* _Work instruction_: Only an exact repetition of the entries will do.

Items listed in a dataset

━━━

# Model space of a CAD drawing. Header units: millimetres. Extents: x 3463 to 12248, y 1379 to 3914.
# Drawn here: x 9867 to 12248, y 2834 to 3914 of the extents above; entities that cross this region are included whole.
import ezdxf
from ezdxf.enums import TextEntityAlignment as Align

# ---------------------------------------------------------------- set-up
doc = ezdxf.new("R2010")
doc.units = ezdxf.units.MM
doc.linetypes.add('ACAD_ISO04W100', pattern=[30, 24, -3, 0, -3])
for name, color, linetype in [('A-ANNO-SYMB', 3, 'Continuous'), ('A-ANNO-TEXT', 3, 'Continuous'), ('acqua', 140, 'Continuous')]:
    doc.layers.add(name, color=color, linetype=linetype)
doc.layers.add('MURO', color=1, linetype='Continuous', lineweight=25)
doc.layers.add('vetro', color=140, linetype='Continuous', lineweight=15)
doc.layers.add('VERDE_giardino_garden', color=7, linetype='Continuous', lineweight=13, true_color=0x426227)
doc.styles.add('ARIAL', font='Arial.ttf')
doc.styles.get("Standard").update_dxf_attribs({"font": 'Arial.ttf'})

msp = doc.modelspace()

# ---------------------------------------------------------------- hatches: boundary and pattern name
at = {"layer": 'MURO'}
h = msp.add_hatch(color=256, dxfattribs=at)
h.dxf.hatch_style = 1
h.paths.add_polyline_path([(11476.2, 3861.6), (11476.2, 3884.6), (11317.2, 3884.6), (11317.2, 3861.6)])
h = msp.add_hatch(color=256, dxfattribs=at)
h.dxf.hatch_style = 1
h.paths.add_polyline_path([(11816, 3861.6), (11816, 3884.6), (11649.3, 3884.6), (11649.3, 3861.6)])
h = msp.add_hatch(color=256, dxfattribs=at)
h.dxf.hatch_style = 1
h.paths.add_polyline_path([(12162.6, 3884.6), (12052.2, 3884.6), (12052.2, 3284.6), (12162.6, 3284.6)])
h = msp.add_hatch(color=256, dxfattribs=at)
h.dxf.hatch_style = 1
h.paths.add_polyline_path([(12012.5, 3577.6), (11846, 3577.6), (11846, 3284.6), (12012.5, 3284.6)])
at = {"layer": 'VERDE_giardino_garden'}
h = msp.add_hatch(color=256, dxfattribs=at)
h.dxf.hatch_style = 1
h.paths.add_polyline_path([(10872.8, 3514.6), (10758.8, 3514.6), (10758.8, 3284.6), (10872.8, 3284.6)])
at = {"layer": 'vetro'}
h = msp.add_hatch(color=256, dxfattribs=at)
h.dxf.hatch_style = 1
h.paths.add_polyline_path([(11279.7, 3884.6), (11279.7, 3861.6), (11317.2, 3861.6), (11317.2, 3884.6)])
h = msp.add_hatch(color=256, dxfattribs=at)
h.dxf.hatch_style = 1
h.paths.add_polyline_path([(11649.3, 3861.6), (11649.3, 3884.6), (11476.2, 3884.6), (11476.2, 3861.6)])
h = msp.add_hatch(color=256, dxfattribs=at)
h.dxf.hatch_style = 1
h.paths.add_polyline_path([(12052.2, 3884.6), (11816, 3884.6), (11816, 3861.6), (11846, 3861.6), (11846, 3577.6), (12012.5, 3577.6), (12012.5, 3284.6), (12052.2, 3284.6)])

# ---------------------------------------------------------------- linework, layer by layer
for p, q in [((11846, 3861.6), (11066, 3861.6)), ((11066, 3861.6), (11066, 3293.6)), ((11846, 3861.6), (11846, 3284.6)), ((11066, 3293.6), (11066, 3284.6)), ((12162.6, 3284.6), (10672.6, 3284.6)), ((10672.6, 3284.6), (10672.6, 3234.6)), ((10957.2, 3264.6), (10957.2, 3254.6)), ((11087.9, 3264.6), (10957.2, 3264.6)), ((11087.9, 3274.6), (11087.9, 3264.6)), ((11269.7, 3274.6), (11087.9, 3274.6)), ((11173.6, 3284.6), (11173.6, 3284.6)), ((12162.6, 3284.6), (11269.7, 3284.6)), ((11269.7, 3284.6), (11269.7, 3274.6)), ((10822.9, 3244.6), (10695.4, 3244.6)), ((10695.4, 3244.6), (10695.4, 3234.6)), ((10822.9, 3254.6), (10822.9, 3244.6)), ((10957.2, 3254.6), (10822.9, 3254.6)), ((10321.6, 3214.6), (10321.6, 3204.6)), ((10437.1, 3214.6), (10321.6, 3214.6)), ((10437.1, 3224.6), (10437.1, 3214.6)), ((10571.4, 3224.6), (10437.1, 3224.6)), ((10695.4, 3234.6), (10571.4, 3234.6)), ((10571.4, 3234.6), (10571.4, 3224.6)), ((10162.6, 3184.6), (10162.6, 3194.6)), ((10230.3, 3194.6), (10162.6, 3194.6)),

━━━

* _Output for this task_:
# Model space of a CAD drawing. Header units: millimetres. Extents: x 3463 to 12248, y 1379 to 3914.
# Drawn here: x 9867 to 12248, y 2834 to 3914 of the extents above; entities that cross this region are included whole.
import ezdxf
from ezdxf.enums import TextEntityAlignment as Align

# ---------------------------------------------------------------- set-up
doc = ezdxf.new("R2010")
doc.units = ezdxf.units.MM
doc.linetypes.add('ACAD_ISO04W100', pattern=[30, 24, -3, 0, -3])
for name, color, linetype in [('A-ANNO-SYMB', 3, 'Continuous'), ('A-ANNO-TEXT', 3, 'Continuous'), ('acqua', 140, 'Continuous')]:
    doc.layers.add(name, color=color, linetype=linetype)
doc.layers.add('MURO', color=1, linetype='Continuous', lineweight=25)
doc.layers.add('vetro', color=140, linetype='Continuous', lineweight=15)
doc.layers.add('VERDE_giardino_garden', color=7, linetype='Continuous', lineweight=13, true_color=0x426227)
doc.styles.add('ARIAL', font='Arial.ttf')
doc.styles.get("Standard").update_dxf_attribs({"font": 'Arial.ttf'})

msp = doc.modelspace()

# ---------------------------------------------------------------- hatches: boundary and pattern name
at = {"layer": 'MURO'}
h = msp.add_hatch(color=256, dxfattribs=at)
h.dxf.hatch_style = 1
h.paths.add_polyline_path([(11476.2, 3861.6), (11476.2, 3884.6), (11317.2, 3884.6), (11317.2, 3861.6)])
h = msp.add_hatch(color=256, dxfattribs=at)
h.dxf.hatch_style = 1
h.paths.add_polyline_path([(11816, 3861.6), (11816, 3884.6), (11649.3, 3884.6), (11649.3, 3861.6)])
h = msp.add_hatch(color=256, dxfattribs=at)
h.dxf.hatch_style = 1
h.paths.add_polyline_path([(12162.6, 3884.6), (12052.2, 3884.6), (12052.2, 3284.6), (12162.6, 3284.6)])
h = msp.add_hatch(color=256, dxfattribs=at)
h.dxf.hatch_style = 1
h.paths.add_polyline_path([(12012.5, 3577.6), (11846, 3577.6), (11846, 3284.6), (12012.5, 3284.6)])
at = {"layer": 'VERDE_giardino_garden'}
h = msp.add_hatch(color=256, dxfattribs=at)
h.dxf.hatch_style = 1
h.paths.add_polyline_path([(10872.8, 3514.6), (10758.8, 3514.6), (10758.8, 3284.6), (10872.8, 3284.6)])
at = {"layer": 'vetro'}
h = msp.add_hatch(color=256, dxfattribs=at)
h.dxf.hatch_style = 1
h.paths.add_polyline_path([(11279.7, 3884.6), (11279.7, 3861.6), (11317.2, 3861.6), (11317.2, 3884.6)])
h = msp.add_hatch(color=256, dxfattribs=at)
h.dxf.hatch_style = 1
h.paths.add_polyline_path([(11649.3, 3861.6), (11649.3, 3884.6), (11476.2, 3884.6), (11476.2, 3861.6)])
h = msp.add_hatch(color=256, dxfattribs=at)
h.dxf.hatch_style = 1
h.paths.add_polyline_path([(12052.2, 3884.6), (11816, 3884.6), (11816, 3861.6), (11846, 3861.6), (11846, 3577.6), (12012.5, 3577.6), (12012.5, 3284.6), (12052.2, 3284.6)])

# ---------------------------------------------------------------- linework, layer by layer
for p, q in [((11846, 3861.6), (11066, 3861.6)), ((11066, 3861.6), (11066, 3293.6)), ((11846, 3861.6), (11846, 3284.6)), ((11066, 3293.6), (11066, 3284.6)), ((12162.6, 3284.6), (10672.6, 3284.6)), ((10672.6, 3284.6), (10672.6, 3234.6)), ((10957.2, 3264.6), (10957.2, 3254.6)), ((11087.9, 3264.6), (10957.2, 3264.6)), ((11087.9, 3274.6), (11087.9, 3264.6)), ((11269.7, 3274.6), (11087.9, 3274.6)), ((11173.6, 3284.6), (11173.6, 3284.6)), ((12162.6, 3284.6), (11269.7, 3284.6)), ((11269.7, 3284.6), (11269.7, 3274.6)), ((10822.9, 3244.6), (10695.4, 3244.6)), ((10695.4, 3244.6), (10695.4, 3234.6)), ((10822.9, 3254.6), (10822.9, 3244.6)), ((10957.2, 3254.6), (10822.9, 3254.6)), ((10321.6, 3214.6), (10321.6, 3204.6)), ((10437.1, 3214.6), (10321.6, 3214.6)), ((10437.1, 3224.6), (10437.1, 3214.6)), ((10571.4, 3224.6), (10437.1, 3224.6)), ((10695.4, 3234.6), (10571.4, 3234.6)), ((10571.4, 3234.6), (10571.4, 3224.6)), ((10162.6, 3184.6), (10162.6, 3194.6)), ((10230.3, 3194.6), (10162.6, 3194.6)),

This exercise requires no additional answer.